As player movements, retirements, injuries, team schedules, and pre-season games come into focus, over-under lines move to reflect the new information. Uncertainty is reduced, and the overconfidence would be mitigated. It might therefore better to place bets earlier rather than later in the pre-season, capitalizing on maximum uncertainty.

Why the System Works

The system is based on three principles:

1. The NFL season is extremely difficult to predict.
2. Regression to the mean is very strong in the NFL.
3. People are overconfident in their ability to predict team wins.

Humans, including NFL fans and gamblers, are susceptible to cognitive biases, and I believe these biases affect prediction markets. Cognitive (or heuristic) biases are systematic errors in judgment made in certain situations. These biases exist probably because they benefited early humans in their efforts to adapt and survive. For example, the "overconfidence effect" may bias people toward action rather than passivity in the face of a challenge.

But in a prediction situation, overconfidence is counterproductive. People who believe their prediction abilities are better than they truly are would take excessive risks. In one survey 80% of respondents claimed they were in the top 30% in driving skills. Similarly, it's likely that most gamblers also believe that they have some special ability or intuition to predict outcomes--otherwise they wouldn't be gambling.

Hindsight bias, also known as the "I knew it all along" effect, may also be a factor in fooling people into forgetting how poor their predictions really are. Ask yourself how well you thought New England would do this year. Be honest. According to the betting lines, half of all people thought they'd win 11 games or fewer. Remember how Randy Moss was supposed to be a "cancer?" How about the Bears? Half of bettors believed Chicago would win at least 11 games this year. But as the Bears floundered this year, many people forgot just how good they were expected to be--just on their defense alone. Most fans, including tv commentators, forget how uncertain things were before the first snap of the season. They say "it was obvious the Patriots would be unbeatable. They have Randy Moss!" or "obviously the Bears fell flat, Rex Grossman is terrible." I know that's my first instinct.

People also tend to remember correct predictions and forget incorrect ones--both by themselves and others. Today I noticed the cover page of an obscure football "prospectus" book I bought in August. It trumpeted, "Last year, we correctly predicted player X would have a breakout year! We said team Y would return to the playoffs!" That a book of over 300 pages of NFL predictions made four or five correct guesses is not an accomplishment. But it's the correct ones that are remembered.
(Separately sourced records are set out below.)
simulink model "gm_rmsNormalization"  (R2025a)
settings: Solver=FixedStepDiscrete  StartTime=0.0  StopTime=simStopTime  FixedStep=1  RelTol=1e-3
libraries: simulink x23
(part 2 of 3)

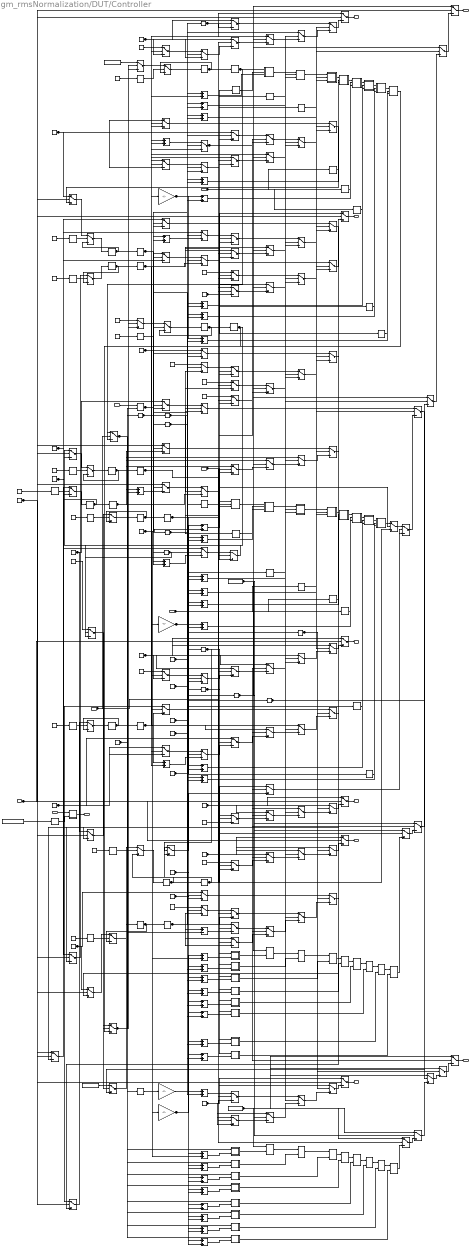
== system gm_rmsNormalization/DUT/Controller ==
  reset : Inport  OutDataTypeStr=boolean  PortDimensions=1  SampleTime=1
  start : Inport  Port=2  OutDataTypeStr=boolean  PortDimensions=1  SampleTime=1
  cfgGammaBeat : Inport  Port=3  OutDataTypeStr=single  PortDimensions=[1 8]  SampleTime=1
  cfgGammaValid : Inport  Port=4  OutDataTypeStr=boolean  PortDimensions=1  SampleTime=1
  ddrDataBeat : Inport  Port=5  OutDataTypeStr=single  PortDimensions=[1 8]  SampleTime=1
  ddrDataValid : Inport  Port=6  OutDataTypeStr=boolean  PortDimensions=1  SampleTime=1
  currentSumIn : Inport  Port=7  OutDataTypeStr=single  PortDimensions=1  SampleTime=1
  Assignment : Assignment  IndexOptions=Index vector (dialog)  Indices=double(8)  OutputSizes=double(0)
  Assignment1 : Assignment  IndexOptions=Index vector (dialog)  Indices=double(8)  OutputSizes=double(0)
  Assignment10 : Assignment  IndexOptions=Index vector (dialog)  Indices=double(3)  OutputSizes=double(0)
  Assignment11 : Assignment  IndexOptions=Index vector (dialog)  Indices=double(3)  OutputSizes=double(0)
  Assignment12 : Assignment  IndexOptions=Index vector (dialog)  Indices=double(2)  OutputSizes=double(0)
  Assignment13 : Assignment  IndexOptions=Index vector (dialog)  Indices=double(2)  OutputSizes=double(0)
  Assignment14 : Assignment  IndexOptions=Index vector (dialog)  Indices=double(1)  OutputSizes=double(0)
  Assignment15 : Assignment  IndexOptions=Index vector (dialog)  Indices=double(1)  OutputSizes=double(0)
  Assignment16 : Subsystem
  Assignment17 : Subsystem
  Assignment18 : Subsystem
  Assignment19 : Subsystem
  Assignment2 : Assignment  IndexOptions=Index vector (dialog)  Indices=double(7)  OutputSizes=double(0)
  Assignment20 : Subsystem
  Assignment21 : Subsystem
  Assignment22 : Subsystem
  Assignment23 : Subsystem
  Assignment24 : Subsystem
  Assignment25 : Subsystem
  Assignment26 : Subsystem
  Assignment27 : Subsystem
  Assignment28 : Subsystem
  Assignment29 : Subsystem
  Assignment3 : Assignment  IndexOptions=Index vector (dialog)  Indices=double(7)  OutputSizes=double(0)
  Assignment30 : Subsystem
  Assignment31 : Subsystem
  Assignment4 : Assignment  IndexOptions=Index vector (dialog)  Indices=double(6)  OutputSizes=double(0)
  Assignment5 : Assignment  IndexOptions=Index vector (dialog)  Indices=double(6)  OutputSizes=double(0)
  Assignment6 : Assignment  IndexOptions=Index vector (dialog)  Indices=double(5)  OutputSizes=double(0)
  Assignment7 : Assignment  IndexOptions=Index vector (dialog)  Indices=double(5)  OutputSizes=double(0)
  Assignment8 : Assignment  IndexOptions=Index vector (dialog)  Indices=double(4)  OutputSizes=double(0)
  Assignment9 : Assignment  IndexOptions=Index vector (dialog)  Indices=double(4)  OutputSizes=double(0)
  Selector : Subsystem
  Selector1 : Subsystem
  Selector10 : Selector  InputPortWidth=8  IndexOptions=Index vector (dialog)  Indices=double(7)  OutputSizes=double(0)
  Selector11 : Subsystem
  Selector12 : Subsystem
  Selector13 : Selector  InputPortWidth=8  IndexOptions=Index vector (dialog)  Indices=double(6)  OutputSizes=double(0)
  Selector14 : Subsystem
  Selector15 : Subsystem
  Selector16 : Selector  InputPortWidth=8  IndexOptions=Index vector (dialog)  Indices=double(5)  OutputSizes=double(0)
  Selector17 : Subsystem
  Selector18 : Subsystem
  Selector19 : Selector  InputPortWidth=8  IndexOptions=Index vector (dialog)  Indices=double(4)  OutputSizes=double(0)
  Selector2 : Subsystem
  Selector20 : Subsystem
  Selector21 : Selector  InputPortWidth=8  IndexOptions=Index vector (dialog)  Indices=double(8)  OutputSizes=double(0)
  Selector22 : Selector  InputPortWidth=8  IndexOptions=Index vector (dialog)  Indices=double(3)  OutputSizes=double(0)
  Selector23 : Selector  InputPortWidth=8  IndexOptions=Index vector (dialog)  Indices=double(7)  OutputSizes=double(0)
  Selector24 : Selector  InputPortWidth=8  IndexOptions=Index vector (dialog)  Indices=double(2)  OutputSizes=double(0)
  Selector25 : Selector  InputPortWidth=8  IndexOptions=Index vector (dialog)  Indices=double(6)  OutputSizes=double(0)
  Selector26 : Selector  InputPortWidth=8  IndexOptions=Index vector (dialog)  Indices=double(1)  OutputSizes=double(0)
  Selector27 : Selector  InputPortWidth=8  IndexOptions=Index vector (dialog)  Indices=double(5)  OutputSizes=double(0)
  Selector28 : Selector  InputPortWidth=8  IndexOptions=Index vector (dialog)  Indices=double(4)  OutputSizes=double(0)
  Selector29 : Selector  InputPortWidth=8  IndexOptions=Index vector (dialog)  Indices=double(3)  OutputSizes=double(0)
  Selector3 : Subsystem
  Selector30 : Selector  InputPortWidth=8  IndexOptions=Index vector (dialog)  Indices=double(2)  OutputSizes=double(0)
  Selector31 : Selector  InputPortWidth=8  IndexOptions=Index vector (dialog)  Indices=double(1)  OutputSizes=double(0)
  Selector4 : Subsystem
  Selector5 : Subsystem
  Selector6 : Subsystem
  Selector7 : Selector  InputPortWidth=8  IndexOptions=Index vector (dialog)  Indices=double(8)  OutputSizes=double(0)
  Selector8 : Subsystem
  Selector9 : Subsystem
  adder{,1..32,34..35,37..38} (37 alike) : Sum  OutDataTypeStr=uint16  AccumDataTypeStr=uint16  RndMeth=Nearest  SaturateOnIntegerOverflow=on  SampleTime=1
  adder33 : Subsystem
      mask Display: disp('NFP\nadd');
  adder36 : Sum  OutDataTypeStr=uint8  AccumDataTypeStr=uint8  RndMeth=Nearest  SaturateOnIntegerOverflow=on  SampleTime=1
  and : Logic  AllPortsSameDT=off  OutDataTypeStr=boolean  SampleTime=1
  compare : simulink/Logic and Bit Operations/Compare To Constant  relop=~=  const=0  OutDataTypeStr=boolean
  compare1 : simulink/Logic and Bit Operations/Compare To Constant  relop===  const=191  OutDataTypeStr=boolean
  compare10 : simulink/Logic and Bit Operations/Compare To Constant  relop=<  const=192  OutDataTypeStr=boolean
  compare2 : simulink/Logic and Bit Operations/Compare To Constant  relop===  const=63  OutDataTypeStr=boolean
  compare3 : simulink/Logic and Bit Operations/Compare To Constant  relop===  const=3  OutDataTypeStr=boolean
  compare4 : simulink/Logic and Bit Operations/Compare To Constant  relop===  const=1  OutDataTypeStr=boolean
  compare5 : simulink/Logic and Bit Operations/Compare To Constant  relop===  const=191  OutDataTypeStr=boolean
  compare6 : simulink/Logic and Bit Operations/Compare To Constant  relop===  const=0  OutDataTypeStr=boolean
  compare7 : simulink/Logic and Bit Operations/Compare To Constant  relop===  const=191  OutDataTypeStr=boolean
  compare8 : simulink/Logic and Bit Operations/Compare To Constant  relop===  const=2  OutDataTypeStr=boolean
  compare9 : simulink/Logic and Bit Operations/Compare To Constant  relop===  const=0  OutDataTypeStr=boolean
  const : Constant  Value=single(0.0015360000543296337)  VectorParams1D=off  OutDataTypeStr=single  SampleTime=1
  const1 : Constant  Value="repmat(single(0),[1  8])"  VectorParams1D=off  OutDataTypeStr=single  SampleTime=1
  const{8..11,13..14} (6 alike) : Constant  VectorParams1D=off  OutDataTypeStr=boolean  SampleTime=1
  const12 : Constant  Value=0  VectorParams1D=off  OutDataTypeStr=uint8  SampleTime=1
  const{3..4,6..7,15,19} (6 alike) : Constant  Value=0  VectorParams1D=off  OutDataTypeStr=boolean  SampleTime=1
  const16 : Constant  VectorParams1D=off  OutDataTypeStr=uint8  SampleTime=1
  const17 : Constant  Value=8  VectorParams1D=off  OutDataTypeStr=uint16  SampleTime=1
  const{5,18,27..28,35} (5 alike) : Constant  Value=0  VectorParams1D=off  OutDataTypeStr=uint16  SampleTime=1
  const2 : Constant  Value="repmat(single(0),[1  8])"  VectorParams1D=off  OutDataTypeStr=single  SampleTime=1
  const20 : Constant  Value=7  VectorParams1D=off  OutDataTypeStr=uint16  SampleTime=1
  const21 : Constant  Value=4  VectorParams1D=off  OutDataTypeStr=uint8  SampleTime=1
  const22 : Constant  Value=3  VectorParams1D=off  OutDataTypeStr=uint8  SampleTime=1
  const23 : Constant  Value=2  VectorParams1D=off  OutDataTypeStr=uint8  SampleTime=1
  const24 : Constant  Value="repmat(single(0),[1  1536])"  VectorParams1D=off  OutDataTypeStr=single  SampleTime=1
  const25 : Constant  Value=6  VectorParams1D=off  OutDataTypeStr=uint16  SampleTime=1
  const26 : Constant  Value=0  VectorParams1D=off  OutDataTypeStr=uint8  SampleTime=1
  const29 : Constant  Value=5  VectorParams1D=off  OutDataTypeStr=uint16  SampleTime=1
  const30 : Constant  Value="repmat(single(0),[1  1536])"  VectorParams1D=off  OutDataTypeStr=single  SampleTime=1
  const31 : Constant  Value=4  VectorParams1D=off  OutDataTypeStr=uint16  SampleTime=1
  const32 : Constant  Value=3  VectorParams1D=off  OutDataTypeStr=uint16  SampleTime=1
  const33 : Constant  VectorParams1D=off  OutDataTypeStr=uint16  SampleTime=1
  const34 : Constant  Value=0  VectorParams1D=off  OutDataTypeStr=uint8  SampleTime=1
  const36 : Constant  Value=2  VectorParams1D=off  OutDataTypeStr=uint16  SampleTime=1
  const37 : Constant  VectorParams1D=off  OutDataTypeStr=uint8  SampleTime=1
  const38 : Constant  Value=22  VectorParams1D=off  OutDataTypeStr=uint8  SampleTime=1
  delayMatch : Delay  DelayLength=double(70)  InitialCondition=0  SampleTime=1
  delayMatch{1..10} (10 alike) : Delay  DelayLength=double(41)  InitialCondition=0  SampleTime=1
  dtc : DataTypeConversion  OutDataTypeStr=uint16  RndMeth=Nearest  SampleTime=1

Many people are also unable to grasp the concepts of randomness or luck. They discount regression to the mean because they expect extreme performances to continue. In the NFL, a team that finishes with a 14-2 record was probably a "fundamentally" 12-4 team that got lucky in a couple games. Fans and bettors may expect much of that 14-2 performance to carry over into the next season, thinking that 11 or 12 wins is a safe bet. But in reality, the team was a "12-win" team the previous season, so the chance of repeating such a successful year would be lower than expected. This effect is compounded when the same phenomenon affects a team's opponents. For example, part of the reason the Ravens and Bengals did not reach their over-under expectations is because division rival Cleveland improved from extremely poor performance.

This field of heuristics and decision-making fascinates me. I'm sure there is a lot of money to be made in not just betting markets, but equity markets. The one thing about sports though, is that it's relatively easy to analyze statistically. And no. I'm sorry to report I did not put my money where my mouth is.